Angry and Heartbroken...

Well, I'm having some feelings about Dad's AFH.  For the most part, I find it to be an excellent, family-run organization with people who really care about Dad's health and welfare.  In the last few weeks, however, I've been really angry at some things that are, admittedly, probably fairly unimportant, but which seem important to me.


A few years ago, I brought over one of my hand-made quilts for Dad, because I wanted him to have something I'd made to brighten up his room, even though I knew he wouldn't really notice it.  I didn't make the quilt specifically for him, but I did make it - in fact, it was the first full quilt I ever made - and it made me feel really good to have it in his room.  I put it on his bed, but then noticed the next time I visited that it was folded on a chair.  I figured they were worried about getting it messy by using it too much so I left it on the chair and didn't bother them.  The next time I came I couldn't see it and had to search through his closet for it.  Although I usually try not to interfere with what I know has to be a tough job caring for Dad, I explained that I at least wanted to see it out in his room, so we put it back on the chair. 


A week ago, Paul and I stopped by and the quilt wasn't there, nor could I find it anywhere in his room.  When I got home, I called the owner and asked where it was and he promised to look for it.  He also told me they were planning their yearly summer BBQ and asked what weekends worked for me.  I really want to attend these events and I wasn't able to go last summer, so I told him I absolutely couldn't do June, but was available anytime in July.  The next thing I knew, I received a call from him last Wednesday, embarrassed and uncomfortable, telling me they just couldn't find the quilt at all!  He was still making some inquiries but had no idea where it had gone.  This quilt has been sitting on the chair for a year and a half, and then it somehow vanished.  I was devastated. 


 Then, to add insult to injury, he informed me that the BBQ had been planned for Saturday the 29th - in three days, to be exact.  I was speechless.  I told him that I had made it very clear how much I wanted to go and that I wasn't available in June and that now I was very, very disappointed.  Again, clearly uncomfortable, he hemmed and hawed, saying that because of visitors they were having, other plans, etc., etc., they had decided to have it that Saturday - one week after telling me they were just starting to plan it!  I just felt betrayed, and so disappointed, and angry that they had lost my quilt.

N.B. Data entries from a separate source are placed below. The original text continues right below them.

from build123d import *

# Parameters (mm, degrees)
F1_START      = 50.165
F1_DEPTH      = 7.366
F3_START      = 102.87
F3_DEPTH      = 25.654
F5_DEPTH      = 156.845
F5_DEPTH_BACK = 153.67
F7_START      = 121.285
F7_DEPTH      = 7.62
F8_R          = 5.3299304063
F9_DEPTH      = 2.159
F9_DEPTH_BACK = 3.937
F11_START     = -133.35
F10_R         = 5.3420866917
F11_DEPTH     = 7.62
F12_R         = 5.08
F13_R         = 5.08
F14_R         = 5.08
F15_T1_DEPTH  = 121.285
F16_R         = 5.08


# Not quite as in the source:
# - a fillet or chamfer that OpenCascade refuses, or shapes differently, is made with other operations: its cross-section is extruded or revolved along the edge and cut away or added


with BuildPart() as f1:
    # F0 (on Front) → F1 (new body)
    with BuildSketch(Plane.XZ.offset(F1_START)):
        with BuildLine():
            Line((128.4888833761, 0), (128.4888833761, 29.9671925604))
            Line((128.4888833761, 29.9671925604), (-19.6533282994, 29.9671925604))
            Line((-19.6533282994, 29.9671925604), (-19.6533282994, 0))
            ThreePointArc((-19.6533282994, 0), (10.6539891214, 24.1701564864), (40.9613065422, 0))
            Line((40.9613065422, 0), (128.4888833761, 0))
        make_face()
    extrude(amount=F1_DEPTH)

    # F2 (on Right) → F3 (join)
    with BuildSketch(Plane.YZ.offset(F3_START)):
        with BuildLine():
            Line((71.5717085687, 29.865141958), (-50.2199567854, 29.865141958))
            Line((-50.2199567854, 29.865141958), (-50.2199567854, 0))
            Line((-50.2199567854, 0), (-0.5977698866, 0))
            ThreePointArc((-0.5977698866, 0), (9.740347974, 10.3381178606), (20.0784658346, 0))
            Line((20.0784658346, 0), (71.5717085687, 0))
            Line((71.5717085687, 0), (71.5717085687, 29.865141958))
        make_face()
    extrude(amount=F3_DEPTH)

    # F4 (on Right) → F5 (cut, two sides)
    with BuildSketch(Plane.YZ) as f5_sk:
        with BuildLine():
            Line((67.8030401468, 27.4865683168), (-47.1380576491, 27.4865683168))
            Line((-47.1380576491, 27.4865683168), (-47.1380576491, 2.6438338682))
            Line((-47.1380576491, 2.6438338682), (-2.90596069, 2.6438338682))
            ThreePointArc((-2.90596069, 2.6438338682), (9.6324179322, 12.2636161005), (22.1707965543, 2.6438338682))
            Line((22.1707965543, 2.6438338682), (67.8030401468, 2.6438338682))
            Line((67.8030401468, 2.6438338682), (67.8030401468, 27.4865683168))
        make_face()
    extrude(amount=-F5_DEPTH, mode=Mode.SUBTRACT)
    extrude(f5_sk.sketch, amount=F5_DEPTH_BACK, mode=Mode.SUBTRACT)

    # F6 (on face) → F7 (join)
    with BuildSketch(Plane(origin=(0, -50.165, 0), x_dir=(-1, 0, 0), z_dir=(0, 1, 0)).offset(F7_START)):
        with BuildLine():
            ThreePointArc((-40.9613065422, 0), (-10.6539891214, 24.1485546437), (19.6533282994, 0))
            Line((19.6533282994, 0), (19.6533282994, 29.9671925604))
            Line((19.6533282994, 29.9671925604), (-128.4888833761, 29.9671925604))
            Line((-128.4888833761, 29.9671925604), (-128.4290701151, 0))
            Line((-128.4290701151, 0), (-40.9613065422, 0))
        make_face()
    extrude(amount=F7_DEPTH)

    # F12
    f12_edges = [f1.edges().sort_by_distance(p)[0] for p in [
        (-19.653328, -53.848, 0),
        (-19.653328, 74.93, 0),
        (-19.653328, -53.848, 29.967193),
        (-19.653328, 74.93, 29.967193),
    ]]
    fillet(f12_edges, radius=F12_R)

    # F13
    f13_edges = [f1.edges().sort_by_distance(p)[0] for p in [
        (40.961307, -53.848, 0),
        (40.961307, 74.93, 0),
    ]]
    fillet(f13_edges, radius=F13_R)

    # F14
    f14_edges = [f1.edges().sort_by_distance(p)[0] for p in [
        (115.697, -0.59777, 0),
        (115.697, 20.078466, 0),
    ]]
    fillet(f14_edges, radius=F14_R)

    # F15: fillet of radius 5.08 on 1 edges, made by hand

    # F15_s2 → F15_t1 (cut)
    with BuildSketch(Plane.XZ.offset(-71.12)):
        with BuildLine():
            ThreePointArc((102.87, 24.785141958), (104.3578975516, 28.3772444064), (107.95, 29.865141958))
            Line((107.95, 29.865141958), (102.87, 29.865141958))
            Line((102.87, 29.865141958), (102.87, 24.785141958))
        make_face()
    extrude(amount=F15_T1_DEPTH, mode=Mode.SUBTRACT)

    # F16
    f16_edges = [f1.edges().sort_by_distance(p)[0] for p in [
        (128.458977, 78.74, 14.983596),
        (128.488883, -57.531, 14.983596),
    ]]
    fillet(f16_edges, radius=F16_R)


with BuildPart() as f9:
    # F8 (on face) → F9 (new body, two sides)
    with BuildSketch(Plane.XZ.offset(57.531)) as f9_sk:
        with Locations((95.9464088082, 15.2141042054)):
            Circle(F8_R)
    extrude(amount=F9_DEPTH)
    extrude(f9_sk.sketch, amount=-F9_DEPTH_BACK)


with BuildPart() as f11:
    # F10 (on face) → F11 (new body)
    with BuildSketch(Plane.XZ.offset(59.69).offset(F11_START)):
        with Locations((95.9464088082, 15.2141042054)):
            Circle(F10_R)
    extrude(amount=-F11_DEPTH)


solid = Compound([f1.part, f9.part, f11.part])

What do you do?  Obviously, we are paying a lot of money to keep Dad there, and I would expect that they would try to figure in our needs and wishes with their plans.  I would also expect that they would take care of Dad's belongings.  I also realize that they have a tough, physically demanding, often tedious job; that they have other residents and families to think about; and that they have to consider their own needs.  The thing is - I just feel betrayed that they couldn't do better for us, and the worst part is - I would make him another quilt, but my arthritis has gotten to the point where its really uncomfortable to quilt anymore.


From the people I counsel and the stories I hear, I know that these issues figure as very, very minute against the problems other people are having with their loved ones - whether it is poor facilities, uncaring caregivers, or the tough job of homecare.  One missed BBQ and a missing quilt.  But to me, this is really hard, and I feel angry and sad.  It means a lot to me to spend a little time with Dad and also to know that when I'm not there, that something of me is; in this case, a quilt I made and placed carefully in my father's room.